Он резко поднял голову. Двое парней в кепочках стояли перед ними, распространяя кислый запах табачного перегара, разглядывая их с оценивающим интересом; один грузный телом, морща серое, плоское, как блин, лицо, держал правую руку в кармане, выговаривал низким душным шепотом:
– Пощекочем их, что ль? Сейчас Софрино… Хмырь – плевое дело. Его на рельсы, ее на пол. Синичка, кажись, ничего, худая только, кадра, навроде тебя. До Загорска – наша будет.
– Ангелочки чистенькие ску-усные, ровно масло шаколатное, прямо съел бы я их, – с фальшивым умилением пропел другой парень, узкоплечий, играя шальными, перламутровыми глазами, и выпрямленной ладошкой погладил Юлию по щеке, где слиплись невысохшие волосы. – Ай, какая цыпочка сахарная! Так бы хрящиками и похрустел!

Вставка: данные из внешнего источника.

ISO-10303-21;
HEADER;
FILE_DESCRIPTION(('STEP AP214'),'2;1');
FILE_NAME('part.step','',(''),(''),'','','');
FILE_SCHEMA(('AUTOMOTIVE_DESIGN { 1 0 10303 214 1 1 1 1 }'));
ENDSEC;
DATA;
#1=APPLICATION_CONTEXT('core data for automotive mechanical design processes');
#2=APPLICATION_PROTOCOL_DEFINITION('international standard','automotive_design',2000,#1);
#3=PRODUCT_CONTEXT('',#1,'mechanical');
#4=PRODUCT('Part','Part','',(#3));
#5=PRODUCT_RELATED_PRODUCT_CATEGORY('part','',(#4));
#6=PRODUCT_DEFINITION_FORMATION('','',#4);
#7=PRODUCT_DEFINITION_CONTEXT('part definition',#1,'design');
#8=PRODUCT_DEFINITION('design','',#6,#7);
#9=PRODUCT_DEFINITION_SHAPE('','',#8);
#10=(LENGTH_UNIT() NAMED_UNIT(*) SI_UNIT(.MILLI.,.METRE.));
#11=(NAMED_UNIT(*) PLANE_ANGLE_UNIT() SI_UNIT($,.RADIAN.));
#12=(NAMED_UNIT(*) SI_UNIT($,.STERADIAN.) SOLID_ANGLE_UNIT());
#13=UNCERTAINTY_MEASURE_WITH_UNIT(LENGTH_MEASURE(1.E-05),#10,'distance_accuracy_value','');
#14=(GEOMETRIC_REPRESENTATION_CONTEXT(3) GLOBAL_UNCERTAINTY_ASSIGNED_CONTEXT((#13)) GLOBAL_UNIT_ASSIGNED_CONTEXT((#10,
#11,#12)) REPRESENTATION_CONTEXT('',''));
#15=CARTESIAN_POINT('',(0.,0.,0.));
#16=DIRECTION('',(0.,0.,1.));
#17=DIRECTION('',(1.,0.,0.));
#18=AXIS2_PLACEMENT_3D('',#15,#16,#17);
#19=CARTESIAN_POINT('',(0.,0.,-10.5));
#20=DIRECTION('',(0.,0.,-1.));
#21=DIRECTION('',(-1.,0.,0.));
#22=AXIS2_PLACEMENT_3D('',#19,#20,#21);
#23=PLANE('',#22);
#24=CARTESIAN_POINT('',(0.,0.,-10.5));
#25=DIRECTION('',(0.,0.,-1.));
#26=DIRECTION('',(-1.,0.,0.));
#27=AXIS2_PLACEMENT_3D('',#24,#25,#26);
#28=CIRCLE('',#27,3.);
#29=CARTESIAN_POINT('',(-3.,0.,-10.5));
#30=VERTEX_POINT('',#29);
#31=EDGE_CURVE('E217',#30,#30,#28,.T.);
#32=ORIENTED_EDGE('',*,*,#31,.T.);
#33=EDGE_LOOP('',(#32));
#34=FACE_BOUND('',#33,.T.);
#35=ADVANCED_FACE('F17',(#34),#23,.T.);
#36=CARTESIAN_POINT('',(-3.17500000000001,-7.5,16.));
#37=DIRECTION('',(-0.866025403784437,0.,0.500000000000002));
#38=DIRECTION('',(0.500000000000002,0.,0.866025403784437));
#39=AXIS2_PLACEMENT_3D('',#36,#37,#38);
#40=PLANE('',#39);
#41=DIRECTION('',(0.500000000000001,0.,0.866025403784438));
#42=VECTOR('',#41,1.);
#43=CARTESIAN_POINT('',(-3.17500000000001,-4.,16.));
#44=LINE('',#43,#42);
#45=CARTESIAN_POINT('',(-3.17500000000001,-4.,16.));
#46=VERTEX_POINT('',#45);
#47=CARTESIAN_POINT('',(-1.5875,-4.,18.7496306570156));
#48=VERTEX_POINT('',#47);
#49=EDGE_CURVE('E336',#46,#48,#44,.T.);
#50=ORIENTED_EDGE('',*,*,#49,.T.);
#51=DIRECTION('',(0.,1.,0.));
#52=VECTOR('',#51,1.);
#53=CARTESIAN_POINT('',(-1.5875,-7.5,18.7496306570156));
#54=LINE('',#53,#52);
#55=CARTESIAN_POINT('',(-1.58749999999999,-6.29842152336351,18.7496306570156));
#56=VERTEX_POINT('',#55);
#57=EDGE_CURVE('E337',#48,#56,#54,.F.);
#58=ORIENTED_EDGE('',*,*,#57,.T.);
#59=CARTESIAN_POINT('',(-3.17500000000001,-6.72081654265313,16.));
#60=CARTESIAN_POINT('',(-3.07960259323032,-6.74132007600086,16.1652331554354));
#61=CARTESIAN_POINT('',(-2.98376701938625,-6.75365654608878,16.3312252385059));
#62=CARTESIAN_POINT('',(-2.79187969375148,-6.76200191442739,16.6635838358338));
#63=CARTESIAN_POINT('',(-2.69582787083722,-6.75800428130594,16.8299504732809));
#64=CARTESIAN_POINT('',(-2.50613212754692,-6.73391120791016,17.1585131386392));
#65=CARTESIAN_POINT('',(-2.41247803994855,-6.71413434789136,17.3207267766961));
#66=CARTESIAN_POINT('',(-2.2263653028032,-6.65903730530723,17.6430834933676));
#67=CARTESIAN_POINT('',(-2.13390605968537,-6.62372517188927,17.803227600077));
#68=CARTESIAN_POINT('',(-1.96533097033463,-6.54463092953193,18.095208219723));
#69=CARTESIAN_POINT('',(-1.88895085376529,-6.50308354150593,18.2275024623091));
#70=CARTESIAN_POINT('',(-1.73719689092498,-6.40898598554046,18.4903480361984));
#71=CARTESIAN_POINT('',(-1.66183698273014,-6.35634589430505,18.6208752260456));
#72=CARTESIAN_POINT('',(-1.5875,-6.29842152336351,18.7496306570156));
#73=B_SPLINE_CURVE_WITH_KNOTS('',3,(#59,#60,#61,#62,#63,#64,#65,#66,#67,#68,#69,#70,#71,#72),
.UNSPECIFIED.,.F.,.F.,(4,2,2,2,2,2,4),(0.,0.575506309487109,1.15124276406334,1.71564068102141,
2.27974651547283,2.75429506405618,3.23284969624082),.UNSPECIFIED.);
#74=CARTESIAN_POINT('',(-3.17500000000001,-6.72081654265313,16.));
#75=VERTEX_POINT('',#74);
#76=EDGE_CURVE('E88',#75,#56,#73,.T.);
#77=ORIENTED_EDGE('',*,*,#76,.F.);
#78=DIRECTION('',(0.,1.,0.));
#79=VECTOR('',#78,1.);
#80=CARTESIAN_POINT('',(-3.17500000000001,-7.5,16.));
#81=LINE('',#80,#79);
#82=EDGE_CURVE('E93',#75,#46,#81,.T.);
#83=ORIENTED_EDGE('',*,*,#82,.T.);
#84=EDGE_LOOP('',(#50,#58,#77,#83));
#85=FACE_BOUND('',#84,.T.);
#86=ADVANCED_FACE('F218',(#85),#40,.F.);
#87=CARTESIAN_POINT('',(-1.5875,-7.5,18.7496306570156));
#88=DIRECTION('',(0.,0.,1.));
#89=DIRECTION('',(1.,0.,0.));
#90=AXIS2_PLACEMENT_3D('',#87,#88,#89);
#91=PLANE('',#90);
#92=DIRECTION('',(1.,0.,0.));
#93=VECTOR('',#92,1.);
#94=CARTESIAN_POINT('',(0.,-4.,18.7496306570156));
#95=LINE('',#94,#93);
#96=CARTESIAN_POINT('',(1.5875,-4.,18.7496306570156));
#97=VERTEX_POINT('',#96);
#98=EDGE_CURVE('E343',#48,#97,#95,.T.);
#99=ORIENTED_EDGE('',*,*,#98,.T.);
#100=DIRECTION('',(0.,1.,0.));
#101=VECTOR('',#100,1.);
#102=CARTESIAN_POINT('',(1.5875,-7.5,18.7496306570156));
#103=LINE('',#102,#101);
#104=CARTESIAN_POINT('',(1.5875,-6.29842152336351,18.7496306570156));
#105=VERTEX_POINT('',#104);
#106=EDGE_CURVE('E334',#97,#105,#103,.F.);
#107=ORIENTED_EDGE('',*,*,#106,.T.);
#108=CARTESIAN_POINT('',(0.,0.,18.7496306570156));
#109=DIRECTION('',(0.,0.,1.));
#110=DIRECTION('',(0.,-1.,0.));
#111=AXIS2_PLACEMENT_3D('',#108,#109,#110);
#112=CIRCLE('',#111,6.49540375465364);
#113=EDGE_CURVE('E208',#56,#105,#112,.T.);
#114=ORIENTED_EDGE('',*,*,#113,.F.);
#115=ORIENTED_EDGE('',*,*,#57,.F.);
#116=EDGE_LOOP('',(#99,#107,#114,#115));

И Дроздов, словно пронзенный током, вскочил, мигом понимая, что может произойти сейчас в этой пустой электричке, среди непроглядной ночи, откуда никто на помощь не придет, и, вскочив с той мстительной вспыльчивой готовностью, которая рождала в нем совсем другого, опасного для самого себя, разом как бы лишенного страха и благоразумия человека, проговорил злым выдохом:
– Шавки! – Он перевел дыхание. – Слушай сюда, что скажу! – прибавил он пересохшими губами, быстро сунув руку в карман, где лежал стопорный нож, купленный им во время практики на иркутском рынке. – Первое – мотайте отсюда к чертовой матери, чтоб духу вашего не было! Пришью обоих, – выговорил он сквозь зубы не раз слышанные в строительных бараках слова при общении с рабочими из заключенных, и растопыренной пятерней левой руки, как это делали ссорившиеся урки, толкнул в грудь парня с блинообразным лицом. – Ну? Исчезай отсюда, черепаха! Брысь, сволочь!
– Ах ты, фраер, падла! – просипел парень, отступив на шаг, угловато вскинул одно плечо, а рука его задергалась в кармане, силясь выхватить из глубины нечто неудобное, массивное, застрявшее, что не успел увидеть Дроздов.
В этот момент сухощавенький парень вскрикнул пронзительно:
– Стой, Петь! Шухер! – и потащил блинообразного парня за рукав в проход, оглядываясь. Тот рванулся, стряхнул его руку, выругался шепотом:
– Отзынь на три вершка, сука!
Электричка, свистя, подходила к станции, замелькали осыпаемые дождем фонари, под ними все медленнее заскользила платформа, затем послышались за окном, ворвались звуки гармони, поющие мужские и женские голоса; наползла и застыла тускло освещенная станционная постройка, из-под навеса с пьяным визгом, криком бросилась к вагону толпа людей во главе с рослым гармонистом, на бегу прикрывшим полами белого плаща гармонь на груди. Загремели двери. Толпа шумно ввалилась в вагон, со смехом, с подталкиваньем расселась возбужденно вокруг парня в белом плаще, сейчас же кто то крикнул томным девичьим голосом: «Сережа, давай нежную!» – и гармонист, в пьяном согласии склонив голову к мехам, сонно ухмыльнулся: «Цветочки, что ль? А?»